A new enterprise computing architecture attempts to advance Microsoft-Intel computers into the upper reaches of corporate America.

Michael Kanellos Staff Writer, CNET News.com
Michael Kanellos is editor at large at CNET News.com, where he covers hardware, research and development, start-ups and the tech industry overseas.
Michael Kanellos
2 min read
Compaq will unveil a new enterprise computing architecture tomorrow that attempts to advance Compaq's Microsoft-Intel computers into the rarified upper reaches of high-end corporate America, currently a Unix bastion.

Called the E2000 Platform Architecture, the new architecture is a blueprint showing how corporate users can create large-scale corporate networks with Microsoft's Windows NT operating system and the latest crop of Intel-based servers, according to Karl Walker, vice president of technology development in Compaq's enterprise computing group.
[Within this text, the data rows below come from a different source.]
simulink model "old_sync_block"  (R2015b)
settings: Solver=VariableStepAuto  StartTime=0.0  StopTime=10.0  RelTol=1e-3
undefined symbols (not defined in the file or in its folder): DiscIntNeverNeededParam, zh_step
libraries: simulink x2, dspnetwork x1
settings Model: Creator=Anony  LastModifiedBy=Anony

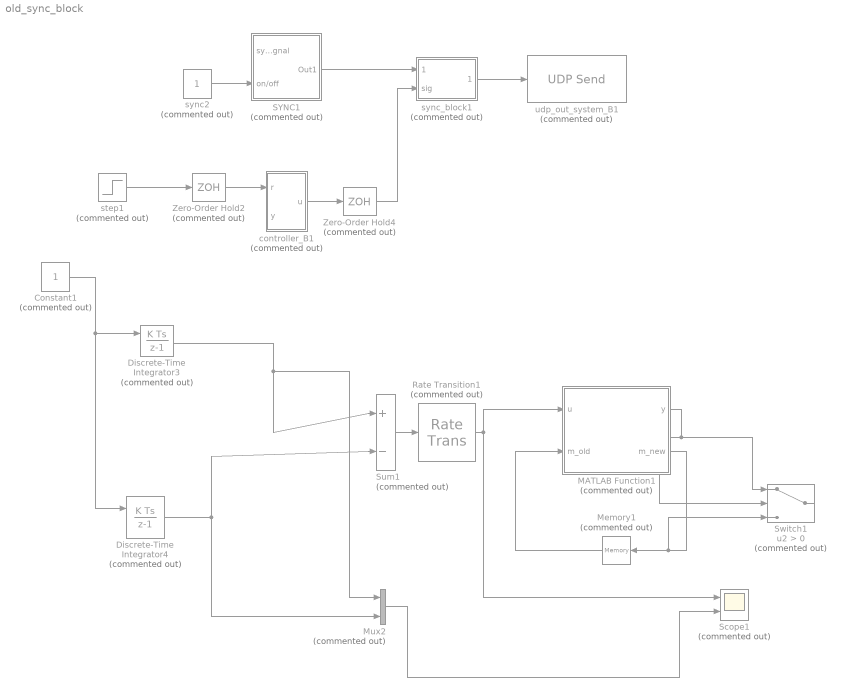
== system old_sync_block ==
  Constant1 : Constant  Commented=on
  Discrete-Time Integrator3 : DiscreteIntegrator  Commented=on  ExternalReset=rising  InitialConditionSetting=State (most efficient)  SampleTime=0.001  ICPrevOutput=DiscIntNeverNeededParam  ICPrevScaledInput=DiscIntNeverNeededParam
  Discrete-Time Integrator4 : DiscreteIntegrator  Commented=on  ExternalReset=rising  InitialConditionSetting=State (most efficient)  SampleTime=0.001  ICPrevOutput=DiscIntNeverNeededParam  ICPrevScaledInput=DiscIntNeverNeededParam
  MATLAB Function1 : MATLAB Function  Commented=on  TreatAsAtomicUnit=on
  Memory1 : Memory  Commented=on
  Mux2 : Mux  Commented=on  Inputs=2
  Rate Transition1 : RateTransition  Commented=on  OutPortSampleTimeOpt=Inherit
  SYNC1 : Subsystem  Commented=on
  Scope1 : Scope  Commented=on  NumInputPorts=2
  Sum1 : Sum  Commented=on  Inputs=|+-
  Switch1 : Switch  Commented=on  Criteria=u2 > Threshold
  Zero-Order Hold2 : ZeroOrderHold  Commented=on  SampleTime=zh_step
  Zero-Order Hold4 : ZeroOrderHold  Commented=on  SampleTime=zh_step
  controller_B1 : Subsystem  Commented=on
  step1 : Step  Commented=on  After=0.15  SampleTime=0
  sync2 : Constant  Commented=on
  sync_block1 : Subsystem  Commented=on
  udp_out_system_B1 : dspnetwork/UDP Send  Commented=on  remoteURL='129.10.131.51'  remotePort=27510  localURL='0.0.0.0'  localPortSource=Automatically determine  localPort=27000  sampletime=-1  separateLengthPort=0
  wires:
  step1/1 -> Zero-Order Hold2/1
  Zero-Order Hold2/1 -> controller_B1/1(r)
  controller_B1/1(u) -> Zero-Order Hold4/1
  sync_block1/1(sig out) -> udp_out_system_B1/1
  SYNC1/1(Out1) -> sync_block1/1(sync_sig)
  sync2/1 -> SYNC1/2(on/off)
  Zero-Order Hold4/1 -> sync_block1/2(sig)
  Discrete-Time Integrator3/1 -> Sum1/1, Mux2/1
  Constant1/1 -> Discrete-Time Integrator3/1, Discrete-Time Integrator4/1
  MATLAB Function1/2(m_new) -> Switch1/3, Memory1/1
  Sum1/1 -> Rate Transition1/1
  Memory1/1 -> MATLAB Function1/2(m_old)
  Discrete-Time Integrator4/1 -> Sum1/2, Mux2/2
  Mux2/1 -> Scope1/2
  MATLAB Function1/1(y) -> Switch1/1, Switch1/2
  Rate Transition1/1 -> MATLAB Function1/1(u), Scope1/1

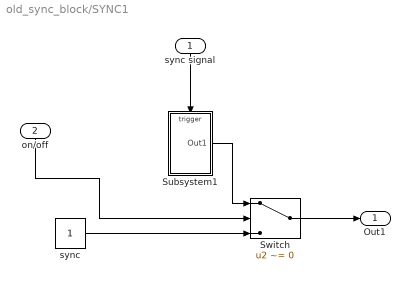
== system old_sync_block/SYNC1 ==
  sync signal : Inport
  on/off : Inport  Port=2
  Subsystem1 : Subsystem
  Switch : Switch  Criteria=u2 ~= 0
  sync : Constant
  Out1 : Outport
  wires:
  on/off/1 -> Switch/2
  Switch/1 -> Out1/1
  Subsystem1/1(Out1) -> Switch/1
  sync signal/1 -> Subsystem1/Trigger
  sync/1 -> Switch/3

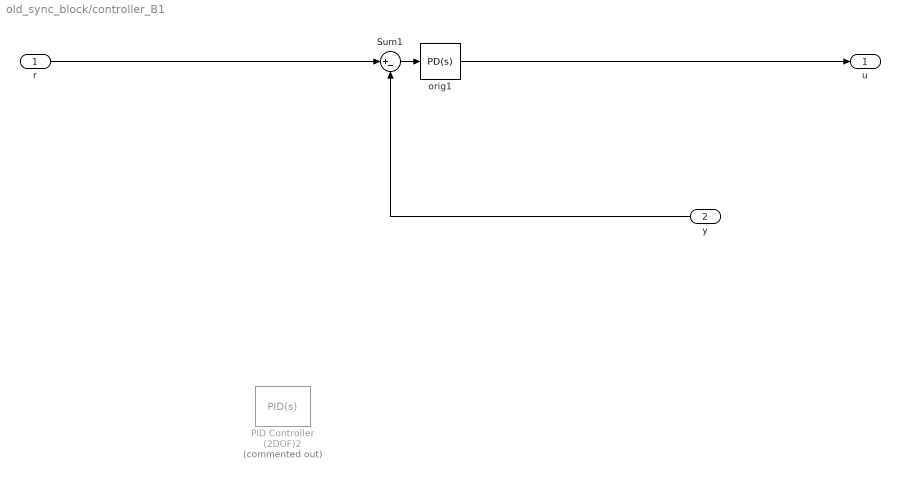
== system old_sync_block/controller_B1 ==
  r : Inport
  y : Inport  Port=2
  PID Controller (2DOF)2 : simulink/Continuous/PID Controller (2DOF)  Commented=on  Controller=PID  TimeDomain=Continuous-time  SampleTime=-1  IntegratorMethod=Forward Euler  FilterMethod=Forward Euler  Form=Parallel  UseFilter=on  ControllerParametersSource=internal  P=6.3799380872686  I=2.12979603411331  D=3.6093223618413  N=48.5068620404972  b=2.39624043732871  c=0.716079145801974  InitialConditionSource=internal  InitialConditionForIntegrator=0  InitialConditionForFilter=0  ExternalReset=none  LimitOutput=off  UpperSaturationLimit=inf  LowerSaturationLimit=-inf  LinearizeAsGain=on  AntiWindupMode=none  Kb=1  TrackingMode=off  Kt=1  PParamMin=[]  PParamMax=[]  IParamMin=[]  IParamMax=[]  DParamMin=[]  DParamMax=[]  NParamMin=[]  NParamMax=[]  bParamMin=[]  bParamMax=[]  cParamMin=[]  cParamMax=[]  KbParamMin=[]  KbParamMax=[]  KtParamMin=[]  KtParamMax=[]  POutMin=[]  POutMax=[]  IOutMin=[]  IOutMax=[]  DOutMin=[]  DOutMax=[]  NOutMin=[]  NOutMax=[]  bOutMin=[]  bOutMax=[]  cOutMin=[]  cOutMax=[]  KbOutMin=[]  KbOutMax=[]  KtOutMin=[]  KtOutMax=[]  IntegratorOutMin=[]  IntegratorOutMax=[]  FilterOutMin=[]  FilterOutMax=[]  SumOutMin=[]  SumOutMax=[]  Sum1OutMin=[]  Sum1OutMax=[]  Sum2OutMin=[]  Sum2OutMax=[]  Sum3OutMin=[]  Sum3OutMax=[]  SumI1OutMin=[]  SumI1OutMax=[]  SumI2OutMin=[]  SumI2OutMax=[]  SumI3OutMin=[]  SumI3OutMax=[]  SumDOutMin=[]  SumDOutMax=[]  SaturationOutMin=[]  SaturationOutMax=[]  IntegratorContinuousStateAttributes=''  IntegratorStateMustResolveToSignalObject=off  IntegratorRTWStateStorageClass=Auto  FilterContinuousStateAttributes=''  FilterStateMustResolveToSignalObject=off  FilterRTWStateStorageClass=Auto  DifferentiatorICPrevScaledInput=0  DifferentiatorOutMin=[]  DifferentiatorOutMax=[]
  Sum1 : Sum  Inputs=|+-
  orig1 : simulink/Continuous/PID Controller  Controller=PD  TimeDomain=Continuous-time  SampleTime=-1  IntegratorMethod=Forward Euler  FilterMethod=Forward Euler  Form=Parallel  UseFilter=on  ControllerParametersSource=internal  P=0.0142  I=0.0175856984919557  D=0.0001  N=100  InitialConditionSource=internal  InitialConditionForIntegrator=0  InitialConditionForFilter=0  ExternalReset=none  LimitOutput=on  UpperSaturationLimit=5/1000  LowerSaturationLimit=-5/1000  LinearizeAsGain=on  AntiWindupMode=none  Kb=1  TrackingMode=off  Kt=1  PParamMin=[]  PParamMax=[]  IParamMin=[]  IParamMax=[]  DParamMin=[]  DParamMax=[]  NParamMin=[]  NParamMax=[]  KbParamMin=[]  KbParamMax=[]  KtParamMin=[]  KtParamMax=[]  POutMin=[]  POutMax=[]  IOutMin=[]  IOutMax=[]  DOutMin=[]  DOutMax=[]  NOutMin=[]  NOutMax=[]  KbOutMin=[]  KbOutMax=[]  KtOutMin=[]  KtOutMax=[]  IntegratorOutMin=[]  IntegratorOutMax=[]  FilterOutMin=[]  FilterOutMax=[]  SumOutMin=[]  SumOutMax=[]  SumI1OutMin=[]  SumI1OutMax=[]  SumI2OutMin=[]  SumI2OutMax=[]  SumI3OutMin=[]  SumI3OutMax=[]  SumDOutMin=[]  SumDOutMax=[]  SaturationOutMin=[]  SaturationOutMax=[]  IntegratorContinuousStateAttributes=''  IntegratorStateMustResolveToSignalObject=off  IntegratorRTWStateStorageClass=Auto  FilterContinuousStateAttributes=''  FilterStateMustResolveToSignalObject=off  FilterRTWStateStorageClass=Auto  DifferentiatorICPrevScaledInput=0  DifferentiatorOutMin=[]  DifferentiatorOutMax=[]
  u : Outport
  wires:
  Sum1/1 -> orig1/1
  r/1 -> Sum1/1
  y/1 -> Sum1/2
  orig1/1 -> u/1

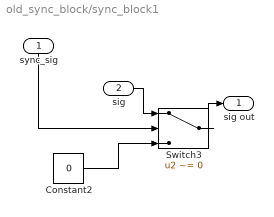
== system old_sync_block/sync_block1 ==
  sync_sig : Inport
  sig : Inport  Port=2
  Constant2 : Constant  Value=0
  Switch3 : Switch  Criteria=u2 ~= 0
  sig out : Outport
  wires:
  sync_sig/1 -> Switch3/2
  Switch3/1 -> sig out/1
  sig/1 -> Switch3/1
  Constant2/1 -> Switch3/3

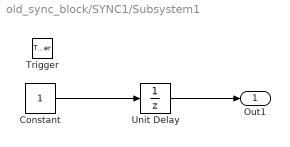
== system old_sync_block/SYNC1/Subsystem1 ==
  Trigger : TriggerPort  PortDimensions=1
  Constant : Constant
  Unit Delay : UnitDelay  SampleTime=-1
  Out1 : Outport
  wires:
  Constant/1 -> Unit Delay/1
  Unit Delay/1 -> Out1/1

== matlab function old_sync_block/MATLAB Function1 ==
  data: u input; y output; m_new output; m_old input
function [y,m_new] = fcn(u,m_old)
%#codegen
if(u>0)
    y = u;
    m_new = u;
else
    y =0;
    m_new = m_old;
end

Almost none of the E2000 component technologies is new, he said. Some of the building block components, such as "hot-pluggable" peripheral component interface (PCI), are already common features in high-end servers. What E2000 does is amalgamate a number of key developments into a road map and show corporate customers how to deploy large databases, for example, onto multiprocessor Intel servers, currently a bulwark of Unix computers.

"What has been developed in the server area, in the software area, we are putting into a cohesive goal," he said. "We're taking the business development model [from the PC arena] into the [corporate-computing] enterprise space."

Microsoft, Oracle, SAP and others have pledged to support E2000.

On the hardware side, Compaq is using E2000 to promote some of the technology it acquired from Tandem. Tandem's ServerNet technology, for instance, serves as one of the clustering technologies in E2000. Clustering allows users to tie banks of servers together in a fail-safe network in order to prevent damage from computer outages.

"It leverages some of the key technology from the Tandem acquisition, but it is much broader than that," Walker said. Enrico Pesatori, president of Tandem, added, in a prepared statement, that the effort would also be used to sell Tandem's Himalaya servers.

Compaq chairman Eckhard Pfeiffer will outline E2000 in London. This follows by a day the announcement that the company was acquiring Digital Equipment for $9.6 billion. (See related story)

To demonstrate the technology, Compaq said it would present a cluster of six ProLiant 6500 Servers each running four processors running a copy of Oracle Parallel server. The system is capable of handling 60,000 transactions per minute and storing 4 terabytes of data, according to Brad Anderson, director of strategic marketing at Compaq.

"It's an umbrella initiative. It's something they had to do," said Jerry Sheridan, principal analyst at Dataquest.